PKK, zehirli fikirlerini her yere saçmak için elindeki tüm imkânları kullanıyordu. Onun zehrinden tatmak istemeyenlere kurşun tattırıyordu. Ölümle yaşam arasında çok ince bir çizgi… Dünya ve ahiret, namluların ucundaydı.

PKK Örgütü, bölgedeki temiz tabiatlı birçok köylüyü etkilemeyi başarmış görünüyordu. Devletin sahipsiz bıraktığı köylünün iradesinde söz sahibi olmuştu. İhtiyaç duyduğu lojistik desteği zorla da olsa elde etmişti. Onun isteğine karşı çıkacak gücü kendinde bulamayan köylü kesimi silahlı güç karşısında çaresizdi.

Yalnız bazı dindar ve Mütedeyyin insanlar Örgütün tehditlerinden korkmadan ölümü göze alıp çirkin isteklerinin karşısında durmaya çalışıyorlardı.

Basma Köyü sakinleri onlardan sadece biriydi. Diyarbakır’ın Çınar ilçesine bağlı Karacadağ köylerinden biri olan Basma köyü Çınar’a doğru giderken sağ taraftan Karacadağ’a giden yol ayrımından yaklaşık otuz kilometre içerdeydi.  Otuz haneli bir yerleşim yeri olmasına rağmen çevre köyler üzerinde etkisi oldukça fazlaydı.

Bu köyü çevredeki diğer köylerden ayıran en büyük özelliği köyde bulunan şeyh ailesiydi. Çevre köylerdeki birçok kişi bu aileye gerekli hürmeti gösterir onların sözünden çıkmazlardı.

Şeyh ailesi bir zamanlar Şam’dan hicret etmek zorunda kalınca kalkıp buraya gelerek yerleşen Şeyh Davut’un torunlarıydılar. Onlar atalarından süregelen İslami eğitim ve hizmetleriyle çevre köylerden her zaman saygı görmüşlerdi. Daima zulmün karşısında durup köylülerin arasında çıkan anlaşmazlıklarda adaleti gözettiklerinden saygınlıkları haklı olarak nam salmıştı.

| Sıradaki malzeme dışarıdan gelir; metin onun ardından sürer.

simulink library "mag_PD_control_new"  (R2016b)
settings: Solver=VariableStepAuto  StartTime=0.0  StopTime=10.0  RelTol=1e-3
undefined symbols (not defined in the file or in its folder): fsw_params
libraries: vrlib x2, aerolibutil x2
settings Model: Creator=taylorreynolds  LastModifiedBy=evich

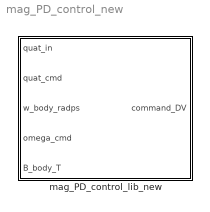
== system mag_PD_control_new ==
  "mag_PD_control_lib_new " : Subsystem

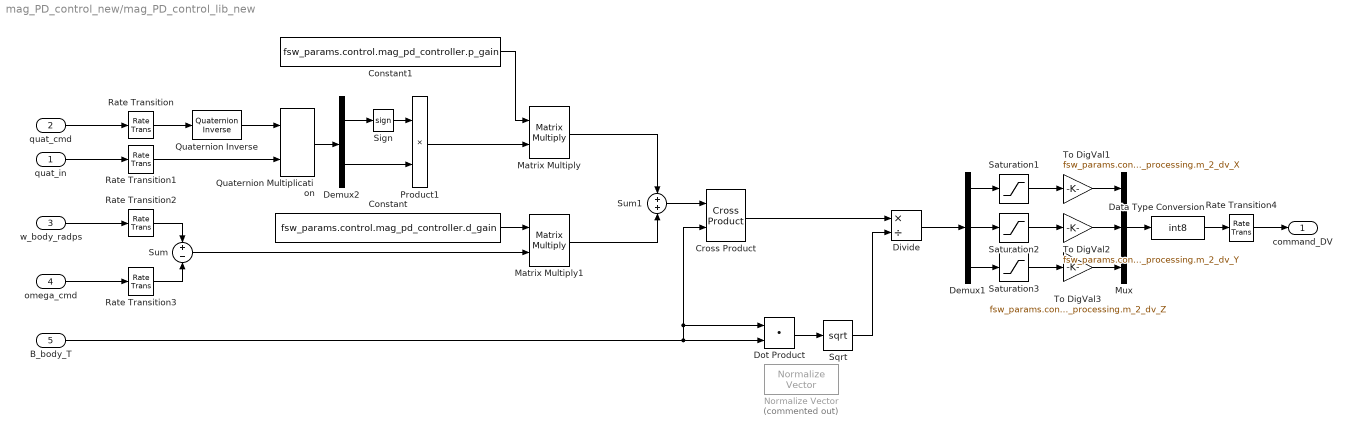
== system mag_PD_control_new/mag_PD_control_lib_new  ==
  quat_in : Inport
  quat_cmd : Inport  Port=2
  w_body_radps : Inport  Port=3
  omega_cmd : Inport  Port=4
  B_body_T : Inport  Port=5
  Constant : Constant  Value=fsw_params.control.mag_pd_controller.d_gain
  Constant1 : Constant  Value=fsw_params.control.mag_pd_controller.p_gain
  Cross Product : vrlib/Utilities/Cross Product
  Data Type Conversion : DataTypeConversion  OutDataTypeStr=int8
  Demux1 : Demux  Outputs=3
  Demux2 : Demux  Outputs=[1 3]
  Divide : Product  Inputs=*/
  Dot Product : DotProduct  InputSameDT=on  OutDataTypeStr=Inherit: Inherit via internal rule
  Matrix Multiply : Product  Multiplication=Matrix(*)
  Matrix Multiply1 : Product  Multiplication=Matrix(*)
  Mux : Mux  Inputs=3
  Normalize Vector : vrlib/Utilities/Normalize Vector  Commented=on  maxzero=0
  Product1 : Product
  Quaternion Inverse : aerolibutil/Quaternion Inverse
  Quaternion Multiplication : aerolibutil/Quaternion Multiplication
  Rate Transition{,1..3} (4 alike) : RateTransition  OutPortSampleTime=fsw_params.control.mag_pd_controller.sample_time_s
  Rate Transition4 : RateTransition
  Saturation1 : Saturate  UpperLimit=fsw_params.actuators.magnetorquer.max_dipole_x  LowerLimit=-fsw_params.actuators.magnetorquer.max_dipole_x
  Saturation2 : Saturate  UpperLimit=fsw_params.actuators.magnetorquer.max_dipole_y  LowerLimit=-fsw_params.actuators.magnetorquer.max_dipole_y
  Saturation3 : Saturate  UpperLimit=fsw_params.actuators.magnetorquer.max_dipole_z  LowerLimit=-fsw_params.actuators.magnetorquer.max_dipole_z
  Sign : Signum
  Sqrt : Sqrt  SaturateOnIntegerOverflow=on
  Sum : Sum  Inputs=+-
  Sum1 : Sum
  To DigVal1 : Gain  Gain=fsw_params.control.cmd_processing.m_2_dv_X
  To DigVal2 : Gain  Gain=fsw_params.control.cmd_processing.m_2_dv_Y
  To DigVal3 : Gain  Gain=fsw_params.control.cmd_processing.m_2_dv_Z
  command_DV : Outport
  wires:
  quat_in/1 -> Rate Transition1/1
  w_body_radps/1 -> Rate Transition2/1
  omega_cmd/1 -> Rate Transition3/1
  quat_cmd/1 -> Rate Transition/1
  Rate Transition4/1 -> command_DV/1
  Demux1/1 -> Saturation1/1
  Demux1/3 -> Saturation3/1
  Demux1/2 -> Saturation2/1
  Saturation1/1 -> To DigVal1/1
  Saturation2/1 -> To DigVal2/1
  Saturation3/1 -> To DigVal3/1
  Mux/1 -> Data Type Conversion/1
  To DigVal3/1 -> Mux/3
  To DigVal2/1 -> Mux/2
  To DigVal1/1 -> Mux/1
  Data Type Conversion/1 -> Rate Transition4/1
  B_body_T/1 -> Cross Product/2, Dot Product/1, Dot Product/2
  Rate Transition2/1 -> Sum/1
  Rate Transition3/1 -> Sum/2
  Rate Transition1/1 -> Quaternion Multiplication/2
  Rate Transition/1 -> Quaternion Inverse/1
  Quaternion Inverse/1 -> Quaternion Multiplication/1
  Matrix Multiply1/1 -> Sum1/2
  Quaternion Multiplication/1 -> Demux2/1
  Matrix Multiply/1 -> Sum1/1
  Sign/1 -> Product1/1
  Demux2/1 -> Sign/1
  Constant/1 -> Matrix Multiply1/1
  Constant1/1 -> Matrix Multiply/1
  Demux2/2 -> Product1/2
  Sum/1 -> Matrix Multiply1/2
  Dot Product/1 -> Sqrt/1
  Sqrt/1 -> Divide/2
  Cross Product/1 -> Divide/1
  Product1/1 -> Matrix Multiply/2
  Sum1/1 -> Cross Product/1
  Divide/1 -> Demux1/1
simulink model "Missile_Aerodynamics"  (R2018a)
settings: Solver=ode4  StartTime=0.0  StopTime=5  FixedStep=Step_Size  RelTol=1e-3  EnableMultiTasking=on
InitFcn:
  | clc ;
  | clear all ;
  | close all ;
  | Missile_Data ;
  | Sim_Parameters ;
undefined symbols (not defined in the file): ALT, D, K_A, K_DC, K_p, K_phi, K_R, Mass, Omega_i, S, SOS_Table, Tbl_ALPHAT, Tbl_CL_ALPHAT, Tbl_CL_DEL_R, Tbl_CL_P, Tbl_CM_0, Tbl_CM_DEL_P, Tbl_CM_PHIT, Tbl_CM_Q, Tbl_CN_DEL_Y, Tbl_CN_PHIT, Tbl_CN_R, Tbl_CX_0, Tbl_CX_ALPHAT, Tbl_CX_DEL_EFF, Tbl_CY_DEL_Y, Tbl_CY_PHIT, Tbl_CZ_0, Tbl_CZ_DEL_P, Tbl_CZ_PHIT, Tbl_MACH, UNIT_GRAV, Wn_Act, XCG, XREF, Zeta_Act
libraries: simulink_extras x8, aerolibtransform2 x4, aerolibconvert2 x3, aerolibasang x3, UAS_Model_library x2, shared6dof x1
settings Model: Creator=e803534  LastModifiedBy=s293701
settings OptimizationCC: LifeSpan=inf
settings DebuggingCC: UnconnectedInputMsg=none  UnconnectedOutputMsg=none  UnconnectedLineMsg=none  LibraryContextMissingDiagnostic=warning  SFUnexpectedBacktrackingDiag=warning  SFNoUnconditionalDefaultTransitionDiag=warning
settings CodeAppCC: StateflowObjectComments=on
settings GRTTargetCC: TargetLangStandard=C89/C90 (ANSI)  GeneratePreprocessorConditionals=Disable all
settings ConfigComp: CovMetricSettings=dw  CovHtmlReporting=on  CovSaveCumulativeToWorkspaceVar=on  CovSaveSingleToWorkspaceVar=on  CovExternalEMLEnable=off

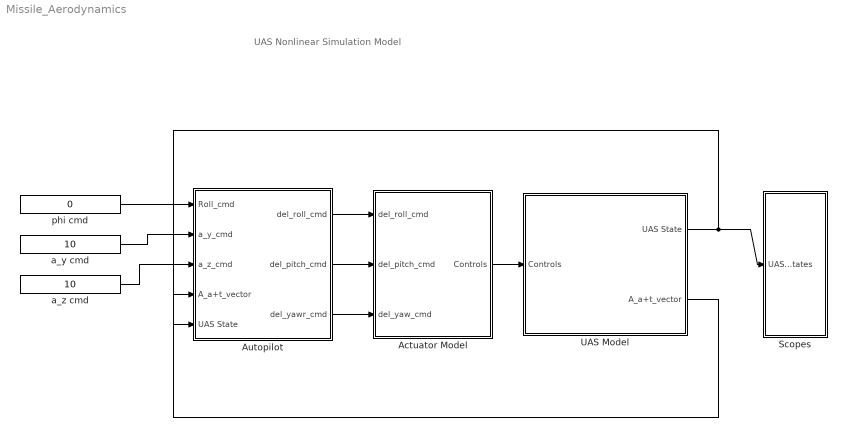
== system Missile_Aerodynamics ==
  note: UAS Nonlinear Simulation Model
  Actuator Model : Subsystem
  "Autopilot " : Subsystem
  Scopes : Subsystem
  UAS Model : Subsystem
  a_y cmd : Constant  Value=10
  a_z cmd : Constant  Value=10
  phi cmd : Constant  Value=0
  wires:
  "Autopilot "/2(del_pitch_cmd) -> Actuator Model/2(del_pitch_cmd)
  "Autopilot "/1(del_roll_cmd) -> Actuator Model/1(del_roll_cmd)
  "Autopilot "/3(del_yawr_cmd) -> Actuator Model/3(del_yaw_cmd)
  UAS Model/1(UAS State) -> "Autopilot "/5(UAS State), Scopes/1(UAS States)
  a_z cmd/1 -> "Autopilot "/3(a_z_cmd)
  phi cmd/1 -> "Autopilot "/1(Roll_cmd)
  a_y cmd/1 -> "Autopilot "/2(a_y_cmd)
  UAS Model/2(A_a+t_vector) -> "Autopilot "/4(A_a+t_vector)
  Actuator Model/1(Controls) -> UAS Model/1(Controls)

== system Missile_Aerodynamics/Actuator Model ==
  note: Actuator Models
  del_roll_cmd : Inport
  del_pitch_cmd : Inport  Port=2
  del_yaw_cmd : Inport  Port=3
  Display : Display
  Display1 : Display
  Display2 : Display
  Mux : Mux  Inputs=3
  Radians to Degrees : simulink_extras/Transformations/Radians to Degrees
  Saturation : Saturate  UpperLimit=10  LowerLimit=-10
  Saturation1 : Saturate  UpperLimit=10  LowerLimit=-10
  Saturation2 : Saturate  UpperLimit=10  LowerLimit=-10
  Scope1 : Scope
  Transfer Fcn : TransferFcn  Numerator=[Wn_Act^2]  Denominator=[1 2*Zeta_Act*Wn_Act Wn_Act^2]
  Transfer Fcn1 : TransferFcn  Numerator=[Wn_Act^2]  Denominator=[1 2*Zeta_Act*Wn_Act Wn_Act^2]
  Transfer Fcn2 : TransferFcn  Numerator=[Wn_Act^2]  Denominator=[1 2*Zeta_Act*Wn_Act Wn_Act^2]
  Controls : Outport
  wires:
  del_roll_cmd/1 -> Transfer Fcn/1
  Mux/1 -> Radians to Degrees/1, Controls/1
  del_yaw_cmd/1 -> Transfer Fcn2/1
  del_pitch_cmd/1 -> Transfer Fcn1/1
  Transfer Fcn/1 -> Saturation/1, Display/1
  Transfer Fcn1/1 -> Display1/1, Saturation1/1
  Transfer Fcn2/1 -> Saturation2/1, Display2/1
  Saturation/1 -> Mux/1
  Saturation2/1 -> Mux/3
  Saturation1/1 -> Mux/2
  Radians to Degrees/1 -> Scope1/1

== system Missile_Aerodynamics/Autopilot  ==
  note: Autopilot
  Roll_cmd : Inport
  a_y_cmd : Inport  Port=2
  a_z_cmd : Inport  Port=3
  A_a+t_vector : Inport  Port=4
  UAS State : Inport  Port=5
  Mux : Mux  Inputs=3
  Pitch Control : Subsystem  AncestorBlock=UAS_Model_library/Autopilot/Pitch Control
  Roll Control : Subsystem  AncestorBlock=UAS_Model_library/Autopilot/Roll Control
  Scope : Scope
  "Yaw Control " : Subsystem  AncestorBlock=UAS_Model_library/Autopilot/Yaw SAS
  del_roll_cmd : Outport
  del_pitch_cmd : Outport  Port=2
  del_yawr_cmd : Outport  Port=3
  wires:
  UAS State/1 -> Pitch Control/2(UAS_State), Roll Control/2(UAS_State), "Yaw Control "/1(UAS_State)
  a_z_cmd/1 -> Pitch Control/1(a_z_cmd)
  Pitch Control/1(del_p_cmd) -> Mux/2, del_pitch_cmd/1
  Roll_cmd/1 -> Roll Control/1(Roll_cmd)
  Roll Control/1(del_r_cmd) -> Mux/1, del_roll_cmd/1
  a_y_cmd/1 -> "Yaw Control "/2("a_y_cmd ")
  "Yaw Control "/1(del_r_cmd) -> Mux/3, del_yawr_cmd/1
  A_a+t_vector/1 -> Pitch Control/3(A_a+t_vector), "Yaw Control "/3(A_a+t_vector)
  Mux/1 -> Scope/1

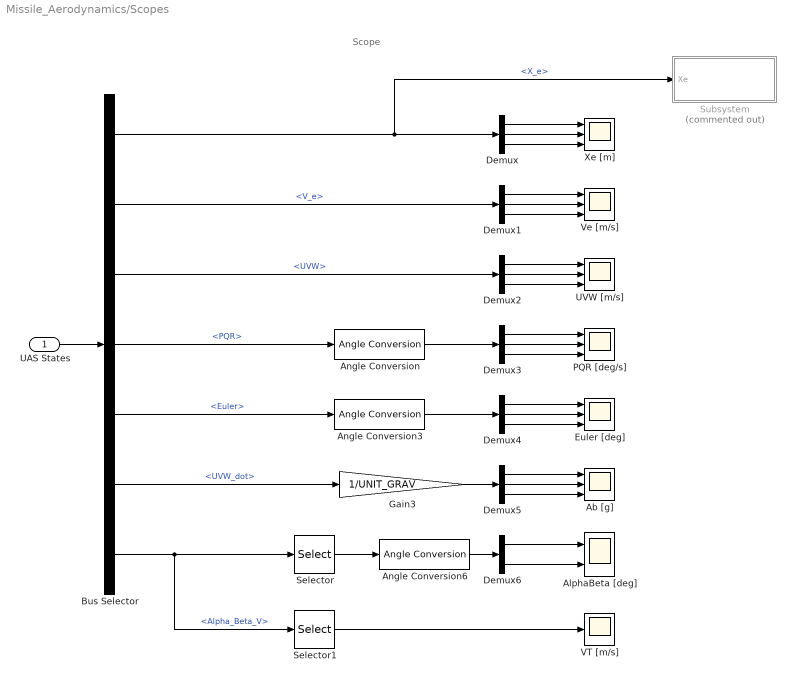
== system Missile_Aerodynamics/Scopes ==
  note: Scope
  UAS States : Inport
  Ab [g] : Scope  NumInputPorts=3
  AlphaBeta [deg] : Scope  NumInputPorts=2
  Angle Conversion : aerolibconvert2/Angle Conversion  IU=rad  OU=deg
  Angle Conversion3 : aerolibconvert2/Angle Conversion  IU=rad  OU=deg
  Angle Conversion6 : aerolibconvert2/Angle Conversion  IU=rad  OU=deg
  Bus Selector : BusSelector  OutputSignals=X_e,V_e,UVW,PQR,Euler,UVW_dot,Alpha_Beta_V
  Demux{,1..5} (6 alike) : Demux  Outputs=3
  Demux6 : Demux  Outputs=2
  Euler [deg] : Scope  NumInputPorts=3
  Gain3 : Gain  Gain=1/UNIT_GRAV
  PQR [deg/s] : Scope  NumInputPorts=3
  Selector : Selector  InputPortWidth=3  IndexOptions=Index vector (dialog)  Indices=[1 2]  OutputSizes=1
  Selector1 : Selector  InputPortWidth=3  IndexOptions=Index vector (dialog)  Indices=[3]  OutputSizes=1
  Subsystem : Subsystem  Commented=on
  UVW [m/s] : Scope  NumInputPorts=3
  VT [m/s] : Scope
  Ve [m/s] : Scope  NumInputPorts=3
  Xe [m] : Scope  NumInputPorts=3
  wires:
  UAS States/1 -> Bus Selector/1
  Bus Selector/1 -> Subsystem/1(Xe), Demux/1  "<X_e>"
  Bus Selector/2 -> Demux1/1  "<V_e>"
  Bus Selector/3 -> Demux2/1  "<UVW>"
  Bus Selector/4 -> Angle Conversion/1  "<PQR>"
  Bus Selector/5 -> Angle Conversion3/1  "<Euler>"
  Bus Selector/6 -> Gain3/1  "<UVW_dot>"
  Angle Conversion3/1 -> Demux4/1
  Angle Conversion/1 -> Demux3/1
  Selector1/1 -> VT [m/s]/1
  Gain3/1 -> Demux5/1
  Demux/1 -> Xe [m]/1
  Demux/2 -> Xe [m]/2
  Demux/3 -> Xe [m]/3
  Demux1/1 -> Ve [m/s]/1
  Demux1/2 -> Ve [m/s]/2
  Demux1/3 -> Ve [m/s]/3
  Demux2/1 -> UVW [m/s]/1
  Demux2/2 -> UVW [m/s]/2
  Demux2/3 -> UVW [m/s]/3
  Demux3/1 -> PQR [deg/s]/1
  Demux3/2 -> PQR [deg/s]/2
  Demux3/3 -> PQR [deg/s]/3
  Demux4/1 -> Euler [deg]/1
  Demux4/2 -> Euler [deg]/2
  Demux4/3 -> Euler [deg]/3
  Demux5/1 -> Ab [g]/1
  Demux5/2 -> Ab [g]/2
  Demux5/3 -> Ab [g]/3
  Demux6/2 -> AlphaBeta [deg]/2
  Demux6/1 -> AlphaBeta [deg]/1
  Angle Conversion6/1 -> Demux6/1
  Bus Selector/7 -> Selector1/1, Selector/1  "<Alpha_Beta_V>"
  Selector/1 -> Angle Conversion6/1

Daha önceleri bunu hazmedemeyenler onların bu saygınlıklarını ortadan kaldırmak için fırsat buldukça şeyh ailesine saldırmıştılar. Her seferinde saldırılarını püskürten Şeyh Davut’un torunları cesaretleriyle konuşulur olmuşlardı. Hâlâ da onların kahramanlıkları hakkında konuşulmaya devam ediyordu. Civar köylüler onların kahramanlık hikâyelerini çocuklarına anlatıyorlardı.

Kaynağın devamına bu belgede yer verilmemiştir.